Search code examples
elasticsearchopensearchsplitbrain

What will happen If I lost the network connection between 2 zones?


There are 3 bare-metal servers in 3 different zones. Each zone connected to each other with dark fiber cables.

Let's say the network-3 is down temporarily and the network-1 and network-2 is healthy. So zone-3 can communicate with both zone-1 and zone-2 but zone-1 and zone-2 cannot communicate between each other.

Application sending indexing/search requests to both Zone-1 and Zone-2.

  1. What will happen in that scenario?
  2. Should I worry about split brain?

enter image description here


Solution

  • I can only answer about elasticsearch here. In case of elasticsearch,

    1. What will happen in that scenario?

    The tiebreaker node will vote for one of the nodes either in zone-1 or zone-2 and with two votes (tiebreaker + self) this node will be elected as a master.

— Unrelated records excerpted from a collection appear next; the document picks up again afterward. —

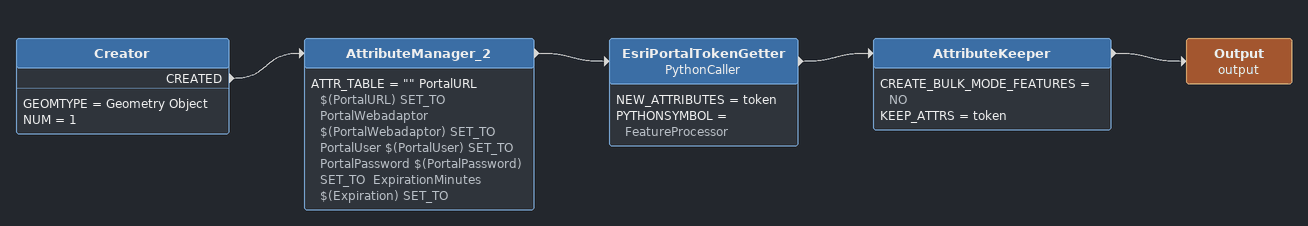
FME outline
Creator
    GEOMTYPE = Geometry Object
    NUM = 1
    CREATED -> AttributeManager_2
AttributeManager_2
    ATTR_TABLE = "" PortalURL $(PortalURL) SET_TO  PortalWebadaptor $(PortalWebadaptor) SET_TO  PortalUser $(PortalUser) SET_TO  PortalPassword $(PortalPassword) SET_TO  ExpirationMinutes $(Expiration) SET_TO
    -> EsriPortalTokenGetter
EsriPortalTokenGetter: PythonCaller
    NEW_ATTRIBUTES = token
    PYTHONSYMBOL = FeatureProcessor
    -> AttributeKeeper
AttributeKeeper
    CREATE_BULK_MODE_FEATURES = NO
    KEEP_ATTRS = token
    -> Output (output)
Output (output)
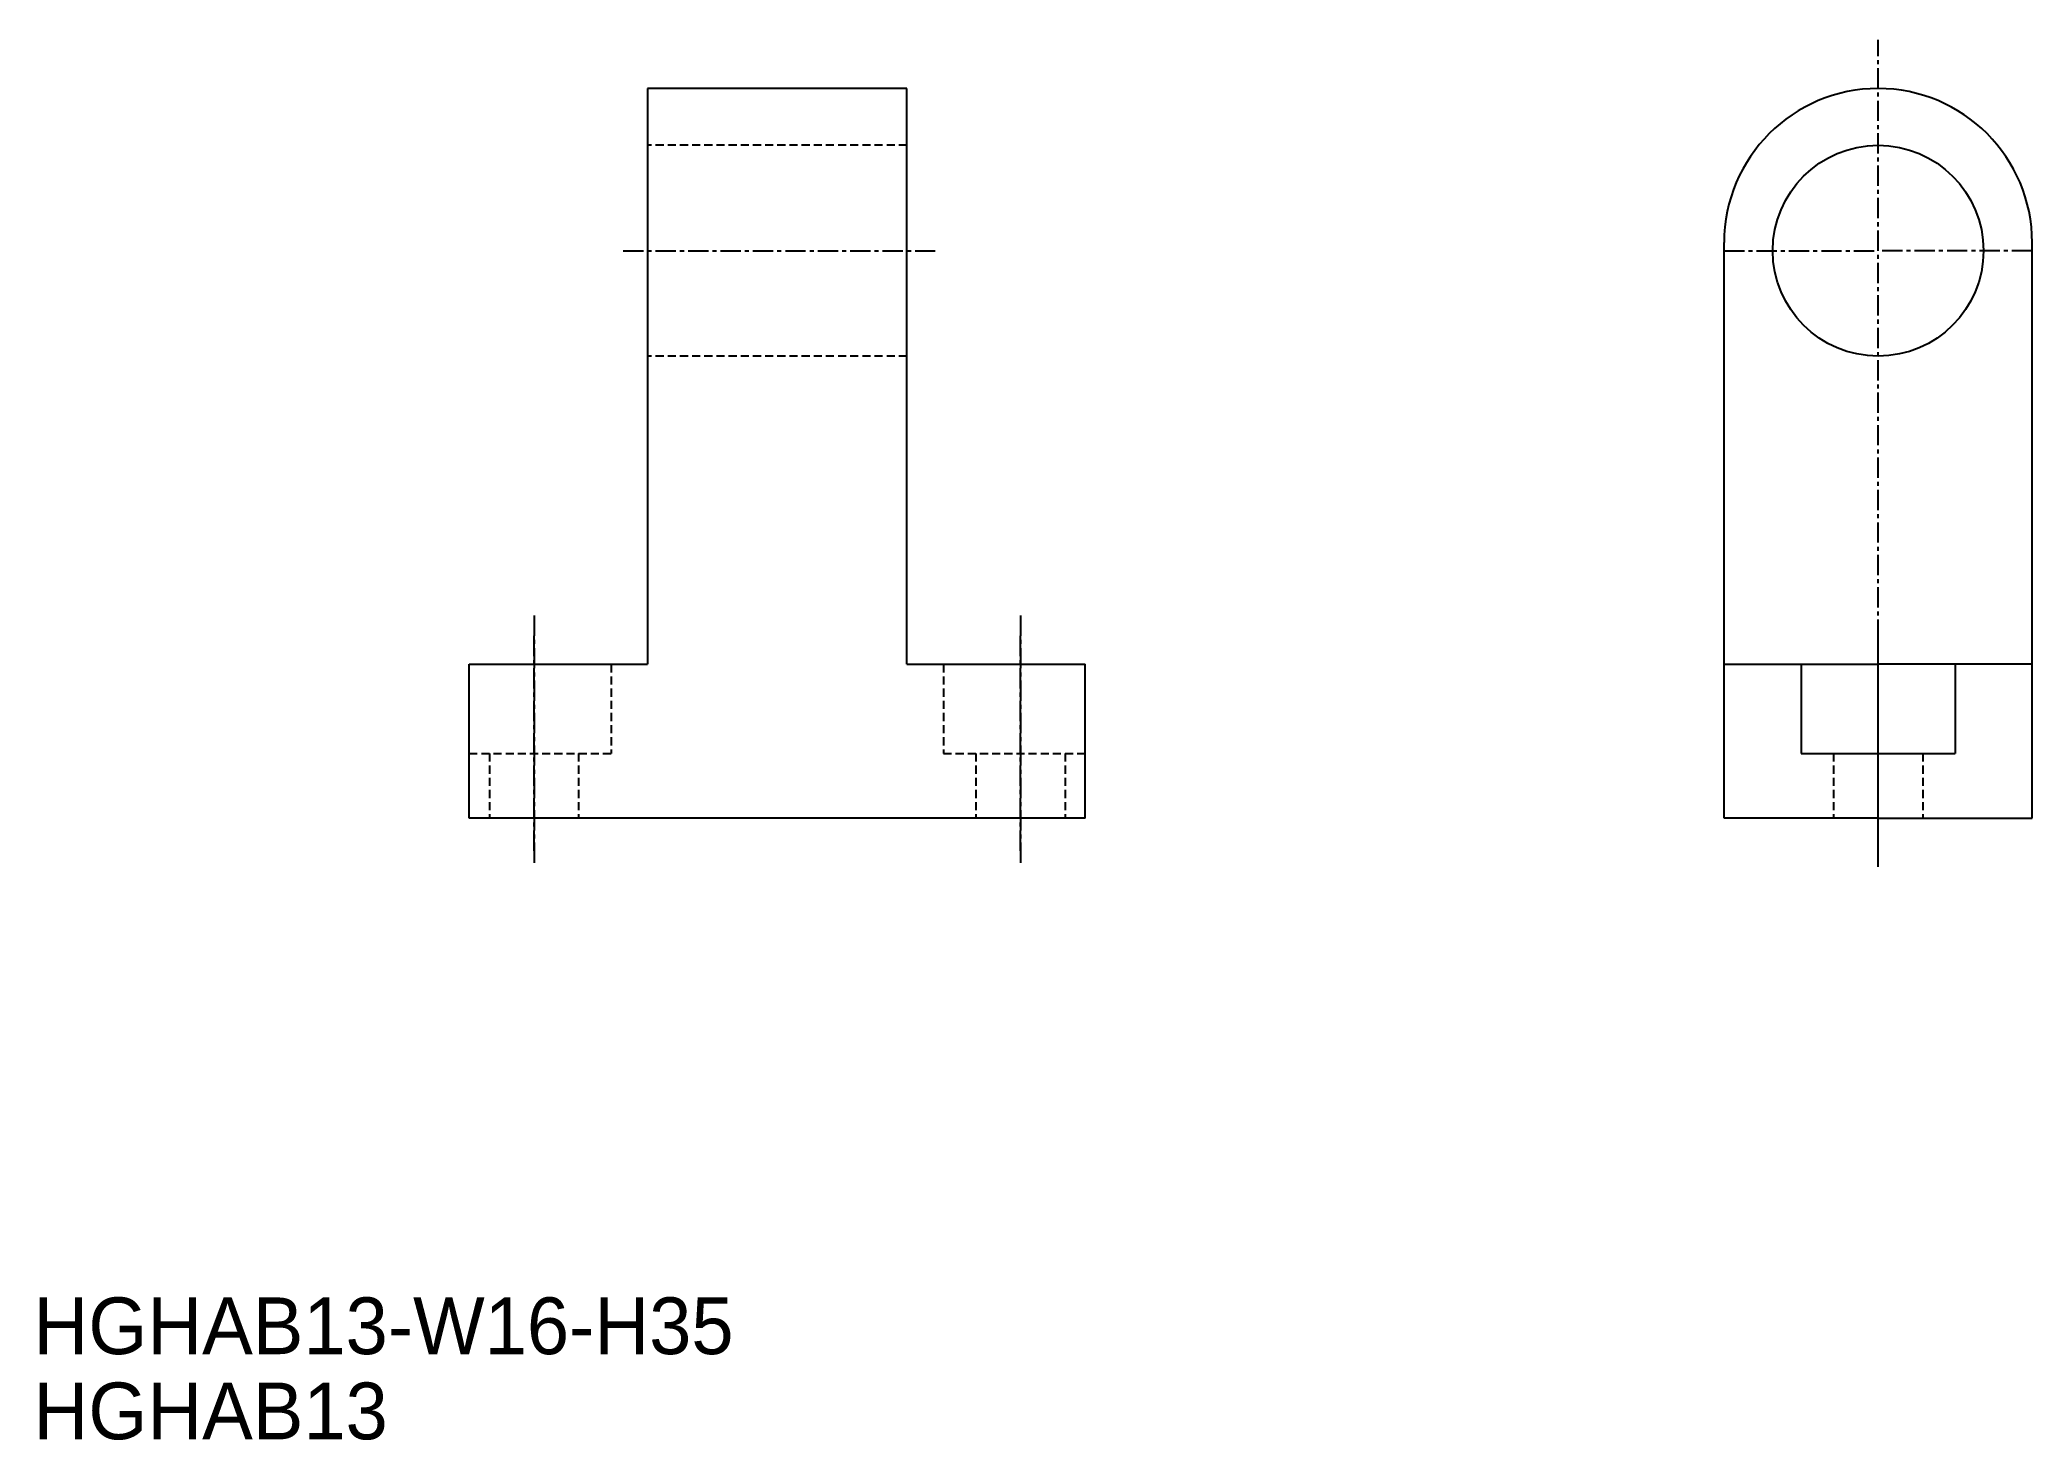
# Model space of a CAD drawing. Extents: x 1 to 124, y 1 to 87.
import ezdxf

# ---------------------------------------------------------------- set-up
doc = ezdxf.new("R2010")
doc.units = 0
doc.linetypes.add('CENTER', pattern=[2, 1.25, -0.25, 0.25, -0.25])
doc.linetypes.add('DASHED', pattern=[0.75, 0.5, -0.25])
doc.layers.get('0').update_dxf_attribs({"linetype": 'CONTINUOUS'})
doc.layers.add('CENTER', color=1, linetype='CENTER')

msp = doc.modelspace()

# ---------------------------------------------------------------- linework, layer by layer
at = {"color": 7, "linetype": 'CONTINUOUS'}
for p, q in [((38.32, 84.22), (38.32, 48.72)), ((54.32, 84.22), (38.32, 84.22)), ((54.32, 48.72), (54.32, 84.22)), ((104.72, 39.22), (104.72, 74.72)), ((123.72, 39.22), (123.72, 74.72)), ((27.32, 39.22), (27.32, 48.72)), ((27.32, 48.72), (38.32, 48.72)), ((54.32, 48.72), (65.32, 48.72)), ((65.32, 39.22), (65.32, 48.72)), ((104.72, 48.72), (114.22, 48.72)), ((109.47, 48.72), (109.47, 43.22)), ((123.72, 48.72), (114.22, 48.72)), ((118.97, 48.72), (118.97, 43.22)), ((109.47, 43.22), (118.97, 43.22)), ((65.32, 39.22), (27.32, 39.22)), ((114.22, 39.22), (104.72, 39.22)), ((114.22, 39.22), (123.72, 39.22))]:
    msp.add_line(p, q, dxfattribs=at)
at = {"color": 3, "linetype": 'DASHED'}
for p, q in [((54.32, 80.72), (38.32, 80.72)), ((54.32, 67.72), (38.32, 67.72)), ((36.07, 48.72), (36.07, 43.22)), ((56.57, 48.72), (56.57, 43.22)), ((27.32, 43.22), (36.07, 43.22)), ((28.57, 43.22), (28.57, 39.22)), ((34.07, 43.22), (34.07, 39.22)), ((56.57, 43.22), (65.32, 43.22)), ((58.57, 43.22), (58.57, 39.22)), ((64.07, 43.22), (64.07, 39.22)), ((111.47, 43.22), (111.47, 39.22)), ((116.97, 43.22), (116.97, 39.22))]:
    msp.add_line(p, q, dxfattribs=at)
at = {"color": 7, "linetype": 'CONTINUOUS'}
msp.add_circle((114.22, 74.22), 6.5, dxfattribs=at)
msp.add_arc((114.22, 74.72), 9.5, 0, 180, dxfattribs=at)
at = {"layer": 'CENTER', "color": 1, "linetype": 'CENTER'}
for p, q in [((114.22, 36.22), (114.22, 87.22)), ((36.82, 74.22), (56.32, 74.22)), ((104.72, 74.22), (114.22, 74.22)), ((123.72, 74.22), (114.22, 74.22)), ((31.32, 51.72), (31.32, 36.22)), ((61.32, 51.72), (61.32, 36.22)), ((31.32, 37.22), (31.32, 50.72)), ((61.32, 37.22), (61.32, 50.72)), ((114.22, 37.22), (114.22, 50.72))]:
    msp.add_line(p, q, dxfattribs=at)

# ---------------------------------------------------------------- texts
at = {"color": 7, "linetype": 'CONTINUOUS'}
for s, p in [('HGHAB13-W16-H35', (0.45, 6.18)), ('HGHAB13', (0.45, 0.93))]:
    msp.add_text(s, height=3.5, dxfattribs=at).set_placement(p)

doc.saveas('drawing.dxf')

Assuming that the master in zone-1 was elected the master node in zone-2 will continue to unsuccessfully obtain quorum but until it can achieve that it will not be able to become a master. Meanwhile all nodes in the zone-2 will not be able to connect to the master in zone-1 and as a result will go into the mode where no master is available. What they will be able to do depends on the current value of the cluster.no_master_block setting.

    • If it is set to write (which is default), only search operations will be permitted.
    • If it is set to all both indexing and searching operations will end in failure.
    • If it is set to metadata_write searching will work but indexing might or might not work depending on the primary shard allocation at the moment of failure. See Reading and Writing documents section of documentation for a more detailed analysis.
    1. Should I worry about split brain?

    No. This is a somewhat common setup for small clusters. Saying this depending on your configuration, how your clients are routed to the nodes in the cluster, the size of the cluster and load you might experience some degradation of service is to be expected. See some additional recommendations for setting up such clusters in the Resilience in small clusters section of documentation.